İnsanların tüm ilişkilerini bu kapsamda ele almak yanlış olacaktır. Kişilerin yaşantıları sonucu bilinçli bir şekilde hayatlarını düzenlemesi olumlu ve istenen bir durumdur. Aktarım ve karşıt aktarım ise bilinçsiz veya otomatik gerçekleşen durumlardır. Aktarıma bağlı tepkiler çoğunlukla duruma uygun olmayan yoğun ve aşırı tepkilerdir. Çocukluk döneminde yaşanılan bir ilişkiye ait unsurlar şimdi yaşanan bir ilişkiye, aynı çocukluk bakış açısıyla yansıtılır.

A. Avukatlık Mesleğinde Kontr-Transferans (Karşıt Aktarım)

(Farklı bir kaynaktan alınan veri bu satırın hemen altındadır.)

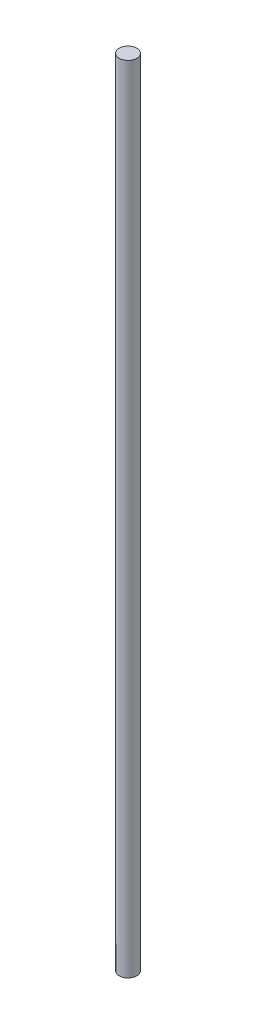
ISO-10303-21;
HEADER;
FILE_DESCRIPTION(('STEP AP214'),'2;1');
FILE_NAME('part.step','',(''),(''),'','','');
FILE_SCHEMA(('AUTOMOTIVE_DESIGN { 1 0 10303 214 1 1 1 1 }'));
ENDSEC;
DATA;
#1=APPLICATION_CONTEXT('core data for automotive mechanical design processes');
#2=APPLICATION_PROTOCOL_DEFINITION('international standard','automotive_design',2000,#1);
#3=PRODUCT_CONTEXT('',#1,'mechanical');
#4=PRODUCT('Part','Part','',(#3));
#5=PRODUCT_RELATED_PRODUCT_CATEGORY('part','',(#4));
#6=PRODUCT_DEFINITION_FORMATION('','',#4);
#7=PRODUCT_DEFINITION_CONTEXT('part definition',#1,'design');
#8=PRODUCT_DEFINITION('design','',#6,#7);
#9=PRODUCT_DEFINITION_SHAPE('','',#8);
#10=(LENGTH_UNIT() NAMED_UNIT(*) SI_UNIT(.MILLI.,.METRE.));
#11=(NAMED_UNIT(*) PLANE_ANGLE_UNIT() SI_UNIT($,.RADIAN.));
#12=(NAMED_UNIT(*) SI_UNIT($,.STERADIAN.) SOLID_ANGLE_UNIT());
#13=UNCERTAINTY_MEASURE_WITH_UNIT(LENGTH_MEASURE(1.E-05),#10,'distance_accuracy_value','');
#14=(GEOMETRIC_REPRESENTATION_CONTEXT(3) GLOBAL_UNCERTAINTY_ASSIGNED_CONTEXT((#13)) GLOBAL_UNIT_ASSIGNED_CONTEXT((#10,
#11,#12)) REPRESENTATION_CONTEXT('',''));
#15=CARTESIAN_POINT('',(0.,0.,0.));
#16=DIRECTION('',(0.,0.,1.));
#17=DIRECTION('',(1.,0.,0.));
#18=AXIS2_PLACEMENT_3D('',#15,#16,#17);
#19=CARTESIAN_POINT('',(-499.653693809529,64.9986246749015,-607.746407760674));
#20=DIRECTION('',(0.,-1.,0.));
#21=DIRECTION('',(1.,0.,0.));
#22=AXIS2_PLACEMENT_3D('',#19,#20,#21);
#23=CYLINDRICAL_SURFACE('',#22,1.49999999999997);
#24=CARTESIAN_POINT('',(-499.653693809529,64.9986246749015,-607.746407760674));
#25=DIRECTION('',(0.,1.,0.));
#26=DIRECTION('',(-1.,0.,0.));
#27=AXIS2_PLACEMENT_3D('',#24,#25,#26);
#28=CIRCLE('',#27,1.49999999999997);
#29=CARTESIAN_POINT('',(-501.153693809529,64.9986246749015,-607.746407760674));
#30=VERTEX_POINT('',#29);
#31=EDGE_CURVE('E10',#30,#30,#28,.T.);
#32=ORIENTED_EDGE('',*,*,#31,.F.);
#33=EDGE_LOOP('',(#32));
#34=FACE_BOUND('',#33,.T.);
#35=CARTESIAN_POINT('',(-499.653693809529,-70.0013753250986,-607.746407760674));
#36=DIRECTION('',(0.,1.,0.));
#37=DIRECTION('',(-1.,0.,0.));
#38=AXIS2_PLACEMENT_3D('',#35,#36,#37);
#39=CIRCLE('',#38,1.49999999999997);
#40=CARTESIAN_POINT('',(-501.153693809529,-70.0013753250986,-607.746407760674));
#41=VERTEX_POINT('',#40);
#42=EDGE_CURVE('E34',#41,#41,#39,.T.);
#43=ORIENTED_EDGE('',*,*,#42,.T.);
#44=EDGE_LOOP('',(#43));
#45=FACE_BOUND('',#44,.T.);
#46=ADVANCED_FACE('F31',(#34,#45),#23,.T.);
#47=CARTESIAN_POINT('',(-499.653693809529,64.9986246749015,-607.746407760674));
#48=DIRECTION('',(0.,1.,0.));
#49=DIRECTION('',(-1.,0.,0.));
#50=AXIS2_PLACEMENT_3D('',#47,#48,#49);
#51=PLANE('',#50);
#52=ORIENTED_EDGE('',*,*,#31,.T.);
#53=EDGE_LOOP('',(#52));
#54=FACE_BOUND('',#53,.T.);
#55=ADVANCED_FACE('F46',(#54),#51,.T.);
#56=CARTESIAN_POINT('',(-499.653693809529,-70.0013753250986,-607.746407760674));
#57=DIRECTION('',(0.,1.,0.));
#58=DIRECTION('',(-1.,0.,0.));
#59=AXIS2_PLACEMENT_3D('',#56,#57,#58);
#60=PLANE('',#59);
#61=ORIENTED_EDGE('',*,*,#42,.F.);
#62=EDGE_LOOP('',(#61));
#63=FACE_BOUND('',#62,.T.);
#64=ADVANCED_FACE('F44',(#63),#60,.F.);
#65=CLOSED_SHELL('',(#46,#55,#64));
#66=MANIFOLD_SOLID_BREP('B2',#65);
#67=ADVANCED_BREP_SHAPE_REPRESENTATION('',(#18,#66),#14);
#68=SHAPE_DEFINITION_REPRESENTATION(#9,#67);
ENDSEC;
END-ISO-10303-21;

Ruh sağlığı uzmanları, danışanlarıyla gerçekleştirdiği psikoterapi sürecinde sağlıklı bir terapötik ilişki kurmaya çalışır. Profesyonel olarak yürütülen bu sürece, danışanın psikolojik durumunun yanında ruh sağlığı uzmanının da psikolojik durumu etki edebilir. Ruh sağlığı uzmanları terapi sürecinde fark ettikleri aktarım ve karşıt aktarımla, aldıkları eğitim sayesinde baş edebilir, gerekli durumlarda süpervizyon alabilirler. Ruh sağlığı uzmanının kendi aktarımlarını, dirençlerini bulması için psikoterapi sürecinden geçmesi beklenen bir durumdur.  Bazı kuramsal yaklaşımlarda aktarım ve karşıt aktarımı terapi süreci için faydalı olarak kullanılabilir. Aktarım ve karşıt aktarım psikoterapi sürecinde fark edilen olgular olsa da sadece terapi sürecine bağlı değildir. Psikoterapi dışında da iletişimin yoğun olduğu durumlarda; eğitim ilişkisi, mesleki ilişki, otorite ilişkisi, romantik ilişkiler gibi,  aktarımlar açığa çıkabilir.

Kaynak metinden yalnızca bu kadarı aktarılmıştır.